▶ WHAT IS EXPECTED: Which lines of the listing below contain the word "extrude"? Copy each of them.

▶ SOURCE RECORDS:
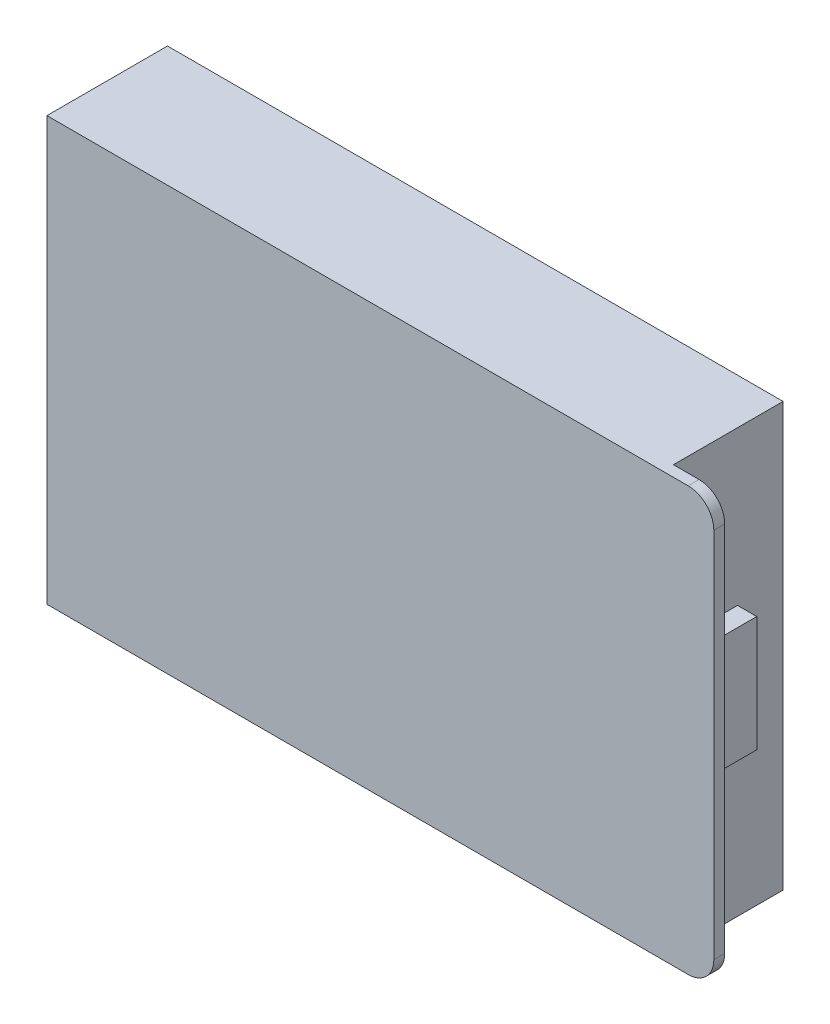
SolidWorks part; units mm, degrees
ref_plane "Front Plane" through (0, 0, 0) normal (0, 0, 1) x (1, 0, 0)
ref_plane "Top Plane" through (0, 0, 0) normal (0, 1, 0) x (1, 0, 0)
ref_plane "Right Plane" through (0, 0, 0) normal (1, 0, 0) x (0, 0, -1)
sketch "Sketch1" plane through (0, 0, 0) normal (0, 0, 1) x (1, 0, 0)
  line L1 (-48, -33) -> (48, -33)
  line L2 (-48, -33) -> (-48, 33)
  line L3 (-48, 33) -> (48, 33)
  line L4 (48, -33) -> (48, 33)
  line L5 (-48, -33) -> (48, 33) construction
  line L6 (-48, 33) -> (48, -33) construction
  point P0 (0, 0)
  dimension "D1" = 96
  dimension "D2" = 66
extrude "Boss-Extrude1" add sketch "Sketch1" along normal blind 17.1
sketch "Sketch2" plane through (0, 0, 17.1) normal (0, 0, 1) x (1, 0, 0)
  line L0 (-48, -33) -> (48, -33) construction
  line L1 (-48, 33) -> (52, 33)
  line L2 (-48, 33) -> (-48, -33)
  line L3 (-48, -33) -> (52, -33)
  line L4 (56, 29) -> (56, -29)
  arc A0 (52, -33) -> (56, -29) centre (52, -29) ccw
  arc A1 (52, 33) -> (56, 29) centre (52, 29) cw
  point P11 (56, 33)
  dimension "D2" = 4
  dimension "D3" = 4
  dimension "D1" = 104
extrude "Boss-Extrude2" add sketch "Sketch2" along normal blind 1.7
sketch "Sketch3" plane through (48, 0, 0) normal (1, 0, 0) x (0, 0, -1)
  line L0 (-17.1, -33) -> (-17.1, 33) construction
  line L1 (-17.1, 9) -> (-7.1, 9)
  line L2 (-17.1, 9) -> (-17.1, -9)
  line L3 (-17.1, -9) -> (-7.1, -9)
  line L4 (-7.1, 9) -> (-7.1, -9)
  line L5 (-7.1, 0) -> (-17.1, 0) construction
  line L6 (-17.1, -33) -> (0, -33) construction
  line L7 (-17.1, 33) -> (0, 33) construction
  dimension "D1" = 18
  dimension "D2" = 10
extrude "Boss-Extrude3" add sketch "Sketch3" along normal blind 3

▶ WRITTEN RESPONSE:
extrude "Boss-Extrude1" add sketch "Sketch1" along normal blind 17.1
extrude "Boss-Extrude2" add sketch "Sketch2" along normal blind 1.7
extrude "Boss-Extrude3" add sketch "Sketch3" along normal blind 3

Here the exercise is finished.